Data for the task:
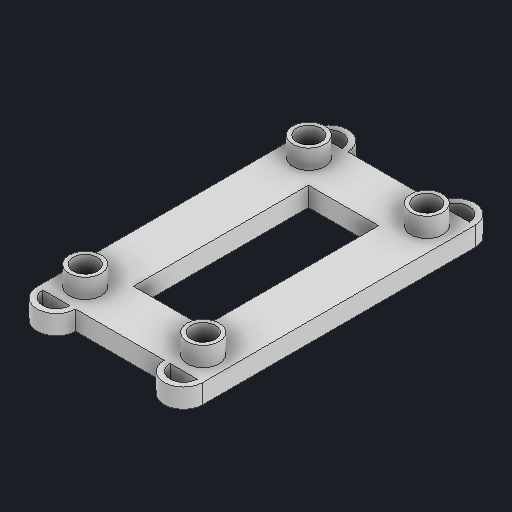
# Autodesk Inventor part: carriage_top
Saved by Autodesk Inventor 2025 (Build 290162010, 162A)
## iProperties
Created: 2024-06-21
Part Number: carriage_top
Material: Generic
Document SubType Name: Modeling
Designer: mihir
Density: 1 g/cm^3
Appearance: Default
Author: mihir
Autodesk Inventor part; units mm, degrees
ref_plane "YZ Plane" through (0, 0, 0) normal (1, 0, 0) x (0, 1, 0)
ref_plane "XZ Plane" through (0, 0, 0) normal (0, 1, 0) x (-1, 0, 0)
ref_plane "XY Plane" through (0, 0, 0) normal (0, 0, 1) x (1, 0, 0)
sketch "Sketch1" plane through (0, 0, 0) normal (0, 1, 0) x (-1, 0, 0)
  line L0 (0, 0) -> (43, 0)
  line L1 (43, 0) -> (43, -70.6)
  line L2 (43, -70.6) -> (0, -70.6)
  line L3 (0, -70.6) -> (0, 0)
  line L4 (12.4, -12.6) -> (30.6, -12.6)
  line L5 (30.6, -12.6) -> (30.6, -58)
  line L6 (30.6, -58) -> (12.4, -58)
  line L7 (12.4, -58) -> (12.4, -12.6)
  line L8 (30.6, -35.3) -> (43, -35.3) construction
  line L9 (21.5, -12.6) -> (21.5, 0) construction
  arc A0 (43, 0) -> (33, 0) centre (38, 0) ccw
  arc A1 (10, 0) -> (0, 0) centre (5, 0) ccw
  arc A2 (41.5, 0) -> (34.5, 0) centre (38, 0) ccw
  arc A3 (8.5, 0) -> (1.5, 0) centre (5, 0) ccw
  arc A4 (33, -70.6) -> (43, -70.6) centre (38, -70.6) ccw
  arc A5 (0, -70.6) -> (10, -70.6) centre (5, -70.6) ccw
  arc A6 (34.5, -70.6) -> (41.5, -70.6) centre (38, -70.6) ccw
  arc A7 (1.5, -70.6) -> (8.5, -70.6) centre (5, -70.6) ccw
  point P0 (41.5, -70.6)
  dimension "d0" = 70.6
  dimension "d1" = 43
  dimension "d2" = 45.4
  dimension "d3" = 18.2
  dimension "d4" = 5
  dimension "d5" = 5
  dimension "d6" = 1.5
  dimension "d7" = 1.5
  constraints: 18 end point, 16 point on circle, 10 symmetric about line, 8 centre point, 4 coincident, 3 horizontal, 3 midpoint, 3 parallel, 2 tangent, 2 vertical, 1 perpendicular, 14 other
  measures "d0" distance of L2.end L3.end
  measures "d1" distance of L3.end L1.start
  measures "d2" distance of L6.end L4.start
  measures "d3" distance of L5.end L6.end
  measures "d4" radius of A0
  measures "d5" radius of A1
  measures "d6" radial gap between concentric circles of A0 A2
  measures "d7" radial gap between concentric circles of A1 A3
extrude "Extrusion1" add sketch "Sketch1" along normal blind 5 contours A1 L0 A3 | L0 L1 L2 L3 | L2 A7 A5 | A0 L0 A2 | L2 A6 A4
sketch "Sketch2" plane through (0, 5, 0) normal (0, 1, 0) x (1, 0, 0)
  line L0 (-33, 0) -> (-10, 0) construction
  line L1 (-12.4, 58) -> (-12.4, 12.6) construction
  line L2 (-10, 0) -> (-10, 12.6) construction
  line L3 (-12.4, 12.6) -> (-2.4, 12.6) construction
  line L4 (-12.4, 12.6) -> (0, 0) construction
  arc A0 (-10, 0) -> (0, 0) centre (-5, 0) ccw construction
  line L5 (-10, 0) -> (0, 0) construction
  line L6 (-5, 0) -> (-6.2, 6.3) construction
  line L7 (-43, 70.6) -> (-43, 0) construction
  line L8 (-43, 35.3) -> (0, 35.3) construction
  line L9 (0, 0) -> (0, 70.6) construction
  line L10 (-21.5, 0) -> (-21.5, 70.6) construction
  line L11 (-10, 70.6) -> (-33, 70.6) construction
  circle A1 centre (-6.2, 6.3) radius 3.15
  circle A2 centre (-6.2, 6.3) radius 4.15
  circle A3 centre (-6.2, 64.3) radius 3.15
  circle A4 centre (-6.2, 64.3) radius 4.15
  circle A5 centre (-36.8, 6.3) radius 3.15
  circle A6 centre (-36.8, 6.3) radius 4.15
  circle A7 centre (-36.8, 64.3) radius 3.15
  circle A8 centre (-36.8, 64.3) radius 4.15
  dimension "d10" = 1
  dimension "d11" = 6.3
  constraints: 14 end point, 8 centre point, 6 symmetric about line, 5 coincident, 4 midpoint, 1 horizontal, 1 parallel, 1 perpendicular, 8 other
  measures "d10" radial gap between concentric circles of A2 A1
  measures "d11" diameter of A1
extrude "Extrusion2" add sketch "Sketch2" along normal blind 5
equation "\"d0\" = carriage_top_length"
equation "\"d1\" = carriage_top_width"
equation "\"d2\" = carriage_mount_cutout_length"
equation "\"d3\" = carriage_mount_cutout_width"
equation "\"d8\" = carriage_top_thickness"
equation "\"d10\" = carriage_mount_wall_thickness"
equation "\"d11\" = rod_diameter + rod_tolerance"
equation "\"d12\" = carriage_top_thickness"
equation "\"carriage_mount_cutout_length\" = 45.4"
equation "\"carriage_mount_cutout_width\" = 18.2"
equation "\"carriage_top_length\" = 70.6"
equation "\"carriage_top_width\" = 43"
equation "\"carriage_top_thickness\" = 5"
equation "\"carriage_mount_wall_thickness\" = 1"
equation "\"rod_diameter\" = 6"
equation "\"rod_tolerance\" = 0.3"
body "Solid1"

Exercise brief: Please give back an exact copy of the entries above from their first line through the line containing "Autodesk Inventor part; units mm, degrees", leaving the pictures aside.

Written response:
# Autodesk Inventor part: carriage_top
Saved by Autodesk Inventor 2025 (Build 290162010, 162A)
## iProperties
Created: 2024-06-21
Part Number: carriage_top
Material: Generic
Document SubType Name: Modeling
Designer: mihir
Density: 1 g/cm^3
Appearance: Default
Author: mihir
Autodesk Inventor part; units mm, degrees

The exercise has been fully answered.